[AIM OF THE TASK] Your task is to retype, word for word, the lines from the start of the data through the line holding "extrude(amount=BASE_EXTRUDE_DEPTH)". Do not include the pictures.

*** Begin section ***

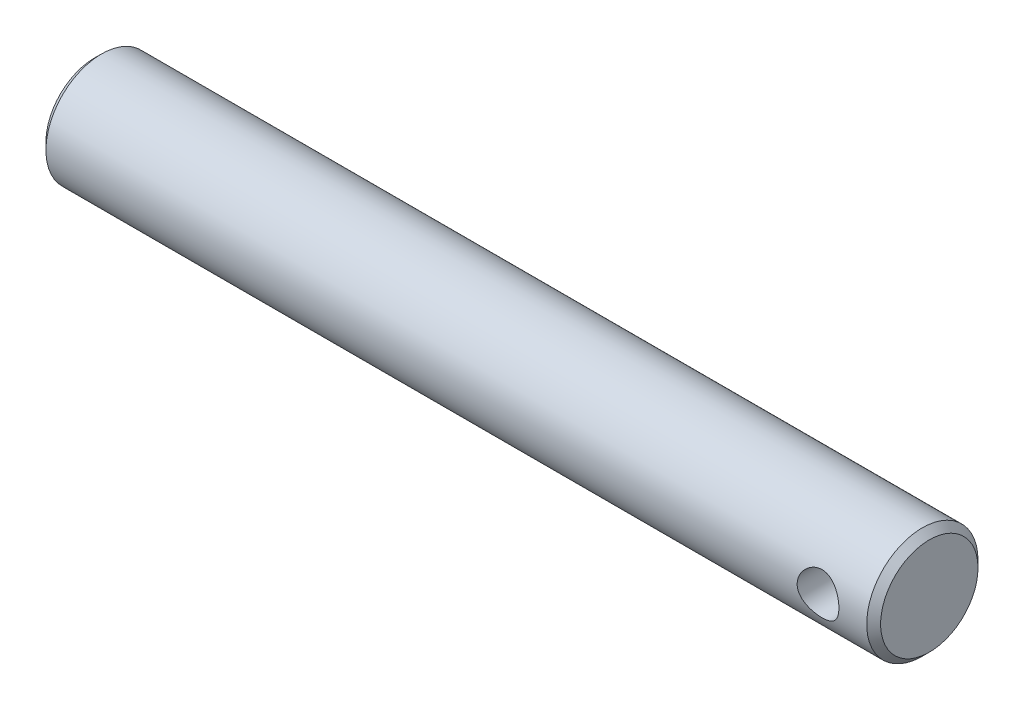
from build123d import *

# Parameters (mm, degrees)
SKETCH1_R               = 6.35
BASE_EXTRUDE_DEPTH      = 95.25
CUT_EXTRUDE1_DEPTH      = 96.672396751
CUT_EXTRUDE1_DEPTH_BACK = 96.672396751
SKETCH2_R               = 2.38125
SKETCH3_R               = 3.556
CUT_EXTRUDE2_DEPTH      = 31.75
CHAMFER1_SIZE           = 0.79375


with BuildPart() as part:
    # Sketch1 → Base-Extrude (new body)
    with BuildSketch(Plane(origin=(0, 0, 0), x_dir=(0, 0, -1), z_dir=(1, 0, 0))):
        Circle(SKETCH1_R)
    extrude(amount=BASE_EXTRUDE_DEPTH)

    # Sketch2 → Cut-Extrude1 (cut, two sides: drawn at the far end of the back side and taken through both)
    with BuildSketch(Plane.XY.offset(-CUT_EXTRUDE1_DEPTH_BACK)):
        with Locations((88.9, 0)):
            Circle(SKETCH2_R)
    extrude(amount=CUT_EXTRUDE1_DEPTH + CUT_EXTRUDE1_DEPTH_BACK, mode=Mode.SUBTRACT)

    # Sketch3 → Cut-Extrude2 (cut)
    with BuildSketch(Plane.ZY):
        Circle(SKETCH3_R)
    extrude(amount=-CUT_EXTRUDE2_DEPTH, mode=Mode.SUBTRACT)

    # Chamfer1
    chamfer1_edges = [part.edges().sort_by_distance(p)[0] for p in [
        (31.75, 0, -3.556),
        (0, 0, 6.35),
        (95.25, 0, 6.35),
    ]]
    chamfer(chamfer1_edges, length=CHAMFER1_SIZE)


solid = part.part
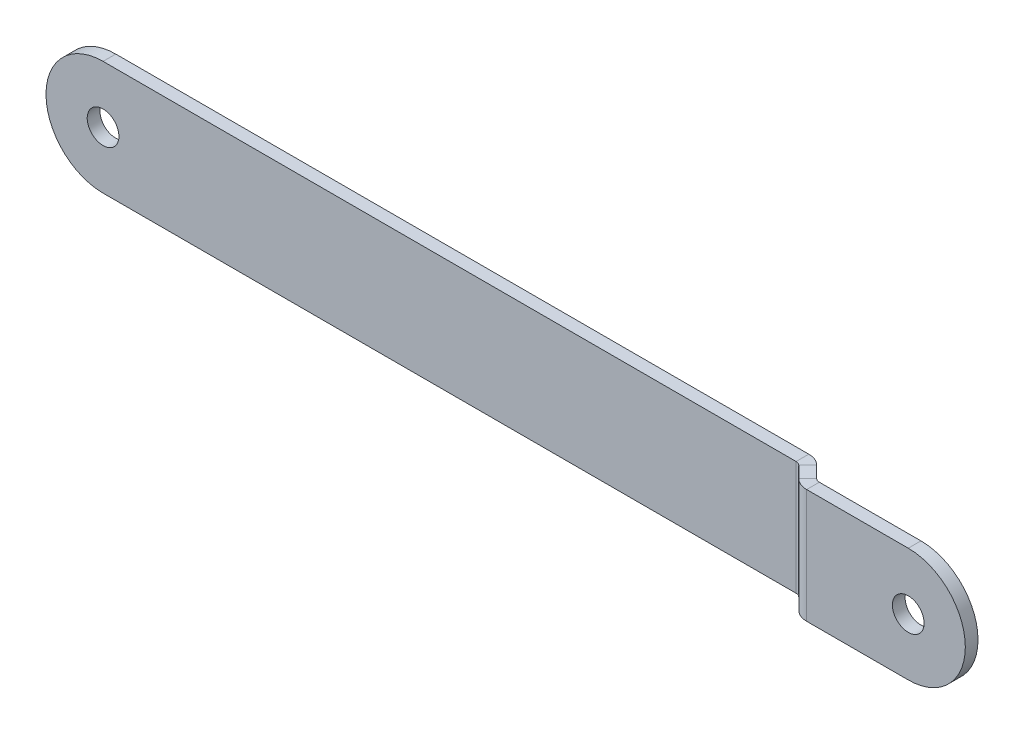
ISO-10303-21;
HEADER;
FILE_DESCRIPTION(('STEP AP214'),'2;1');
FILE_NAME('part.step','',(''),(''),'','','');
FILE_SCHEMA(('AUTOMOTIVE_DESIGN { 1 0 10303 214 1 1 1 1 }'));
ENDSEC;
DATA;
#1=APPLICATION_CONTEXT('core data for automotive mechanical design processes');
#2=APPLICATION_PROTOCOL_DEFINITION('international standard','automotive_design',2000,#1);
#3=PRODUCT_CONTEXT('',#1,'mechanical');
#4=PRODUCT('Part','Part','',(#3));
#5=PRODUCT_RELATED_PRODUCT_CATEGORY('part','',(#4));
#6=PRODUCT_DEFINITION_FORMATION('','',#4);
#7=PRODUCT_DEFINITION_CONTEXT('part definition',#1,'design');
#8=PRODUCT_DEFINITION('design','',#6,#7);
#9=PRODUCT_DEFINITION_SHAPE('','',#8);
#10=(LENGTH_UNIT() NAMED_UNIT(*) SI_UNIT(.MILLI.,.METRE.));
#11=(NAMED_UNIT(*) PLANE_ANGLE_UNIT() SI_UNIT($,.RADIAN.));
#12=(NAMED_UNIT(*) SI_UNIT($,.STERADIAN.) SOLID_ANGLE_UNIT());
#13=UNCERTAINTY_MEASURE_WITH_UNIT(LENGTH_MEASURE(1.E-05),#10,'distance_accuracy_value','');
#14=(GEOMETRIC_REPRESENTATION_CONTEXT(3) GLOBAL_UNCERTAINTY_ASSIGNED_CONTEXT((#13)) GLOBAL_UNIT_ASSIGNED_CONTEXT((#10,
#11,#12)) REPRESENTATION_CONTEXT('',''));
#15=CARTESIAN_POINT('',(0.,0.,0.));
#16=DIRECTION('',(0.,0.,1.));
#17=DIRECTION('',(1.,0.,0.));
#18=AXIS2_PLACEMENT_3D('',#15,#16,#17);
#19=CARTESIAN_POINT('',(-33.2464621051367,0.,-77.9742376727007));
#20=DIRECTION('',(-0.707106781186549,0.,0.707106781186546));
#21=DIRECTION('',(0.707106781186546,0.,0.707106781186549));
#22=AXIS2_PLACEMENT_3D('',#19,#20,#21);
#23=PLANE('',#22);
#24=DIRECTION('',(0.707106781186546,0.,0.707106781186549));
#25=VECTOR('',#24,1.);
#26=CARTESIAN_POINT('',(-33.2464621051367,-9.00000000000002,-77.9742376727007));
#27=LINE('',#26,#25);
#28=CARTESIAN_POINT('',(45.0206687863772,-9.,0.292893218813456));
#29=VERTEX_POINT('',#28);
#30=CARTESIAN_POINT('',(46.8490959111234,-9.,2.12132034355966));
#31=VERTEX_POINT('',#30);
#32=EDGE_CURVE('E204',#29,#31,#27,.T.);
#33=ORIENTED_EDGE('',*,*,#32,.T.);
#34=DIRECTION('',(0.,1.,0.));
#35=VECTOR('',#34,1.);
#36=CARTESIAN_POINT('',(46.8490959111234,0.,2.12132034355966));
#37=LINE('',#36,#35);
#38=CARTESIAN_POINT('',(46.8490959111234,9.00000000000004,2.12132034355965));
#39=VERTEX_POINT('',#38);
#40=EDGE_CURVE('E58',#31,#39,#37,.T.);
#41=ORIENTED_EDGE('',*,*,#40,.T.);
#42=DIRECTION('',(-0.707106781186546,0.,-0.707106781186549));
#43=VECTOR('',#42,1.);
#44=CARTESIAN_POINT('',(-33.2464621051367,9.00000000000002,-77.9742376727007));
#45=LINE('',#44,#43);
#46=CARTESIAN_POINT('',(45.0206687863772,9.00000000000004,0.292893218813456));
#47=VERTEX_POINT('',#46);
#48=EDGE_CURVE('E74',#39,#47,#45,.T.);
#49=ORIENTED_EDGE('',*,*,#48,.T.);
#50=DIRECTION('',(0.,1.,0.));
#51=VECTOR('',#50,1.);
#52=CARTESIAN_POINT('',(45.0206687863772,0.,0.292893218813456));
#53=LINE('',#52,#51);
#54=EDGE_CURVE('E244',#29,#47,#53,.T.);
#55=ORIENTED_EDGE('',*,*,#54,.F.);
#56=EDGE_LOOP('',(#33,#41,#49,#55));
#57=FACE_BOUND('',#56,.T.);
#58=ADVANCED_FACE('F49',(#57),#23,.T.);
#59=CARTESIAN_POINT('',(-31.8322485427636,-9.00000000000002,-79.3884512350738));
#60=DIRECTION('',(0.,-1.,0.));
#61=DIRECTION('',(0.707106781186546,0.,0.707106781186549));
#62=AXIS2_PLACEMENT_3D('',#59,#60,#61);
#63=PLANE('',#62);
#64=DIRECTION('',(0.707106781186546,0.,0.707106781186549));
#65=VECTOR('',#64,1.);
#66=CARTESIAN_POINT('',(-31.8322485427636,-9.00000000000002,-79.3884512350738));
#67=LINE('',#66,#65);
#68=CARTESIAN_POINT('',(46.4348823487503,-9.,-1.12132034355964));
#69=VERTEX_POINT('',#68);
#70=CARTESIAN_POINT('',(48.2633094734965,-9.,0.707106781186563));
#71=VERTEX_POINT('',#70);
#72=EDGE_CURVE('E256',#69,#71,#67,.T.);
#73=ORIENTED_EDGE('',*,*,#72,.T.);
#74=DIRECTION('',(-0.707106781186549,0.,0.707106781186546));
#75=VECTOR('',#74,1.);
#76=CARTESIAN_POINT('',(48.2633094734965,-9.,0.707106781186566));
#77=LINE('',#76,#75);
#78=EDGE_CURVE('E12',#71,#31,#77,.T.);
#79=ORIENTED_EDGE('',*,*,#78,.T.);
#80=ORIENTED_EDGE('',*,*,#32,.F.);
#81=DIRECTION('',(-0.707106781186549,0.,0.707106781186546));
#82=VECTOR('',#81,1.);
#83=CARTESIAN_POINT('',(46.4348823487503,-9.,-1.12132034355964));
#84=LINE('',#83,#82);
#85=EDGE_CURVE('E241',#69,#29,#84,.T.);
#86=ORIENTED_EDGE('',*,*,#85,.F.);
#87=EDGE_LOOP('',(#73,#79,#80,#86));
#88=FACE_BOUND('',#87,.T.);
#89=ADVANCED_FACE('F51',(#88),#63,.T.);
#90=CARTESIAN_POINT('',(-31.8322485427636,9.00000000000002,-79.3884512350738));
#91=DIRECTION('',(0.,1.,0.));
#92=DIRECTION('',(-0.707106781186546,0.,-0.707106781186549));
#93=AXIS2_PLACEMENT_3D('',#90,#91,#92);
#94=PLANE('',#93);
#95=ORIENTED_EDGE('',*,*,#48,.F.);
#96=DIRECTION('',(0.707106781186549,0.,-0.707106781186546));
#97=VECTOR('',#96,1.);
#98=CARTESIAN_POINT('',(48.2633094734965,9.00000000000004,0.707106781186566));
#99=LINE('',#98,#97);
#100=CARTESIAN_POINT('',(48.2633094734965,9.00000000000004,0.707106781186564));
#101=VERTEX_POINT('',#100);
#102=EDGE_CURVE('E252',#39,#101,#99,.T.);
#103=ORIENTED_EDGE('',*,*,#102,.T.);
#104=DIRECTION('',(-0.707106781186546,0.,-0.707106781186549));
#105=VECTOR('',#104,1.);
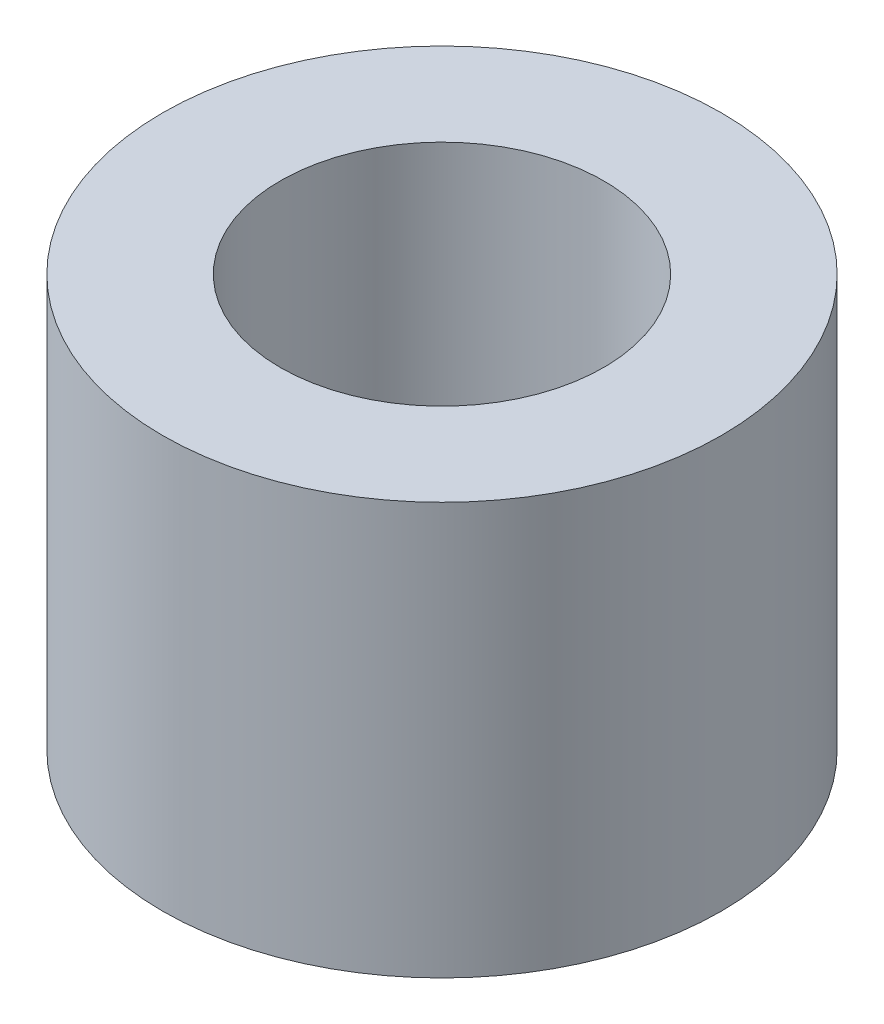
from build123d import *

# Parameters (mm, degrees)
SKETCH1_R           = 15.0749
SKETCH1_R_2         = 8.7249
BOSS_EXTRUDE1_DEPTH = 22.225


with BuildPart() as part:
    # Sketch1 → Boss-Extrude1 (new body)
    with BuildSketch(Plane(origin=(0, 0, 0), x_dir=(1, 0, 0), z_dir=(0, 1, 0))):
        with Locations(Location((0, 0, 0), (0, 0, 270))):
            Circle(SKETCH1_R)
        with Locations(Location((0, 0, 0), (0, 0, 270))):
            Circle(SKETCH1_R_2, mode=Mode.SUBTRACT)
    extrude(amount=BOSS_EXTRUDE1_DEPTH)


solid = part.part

*** End section ***

[TASK SOLUTION]
from build123d import *

# Parameters (mm, degrees)
SKETCH1_R               = 6.35
BASE_EXTRUDE_DEPTH      = 95.25
CUT_EXTRUDE1_DEPTH      = 96.672396751
CUT_EXTRUDE1_DEPTH_BACK = 96.672396751
SKETCH2_R               = 2.38125
SKETCH3_R               = 3.556
CUT_EXTRUDE2_DEPTH      = 31.75
CHAMFER1_SIZE           = 0.79375


with BuildPart() as part:
    # Sketch1 → Base-Extrude (new body)
    with BuildSketch(Plane(origin=(0, 0, 0), x_dir=(0, 0, -1), z_dir=(1, 0, 0))):
        Circle(SKETCH1_R)
    extrude(amount=BASE_EXTRUDE_DEPTH)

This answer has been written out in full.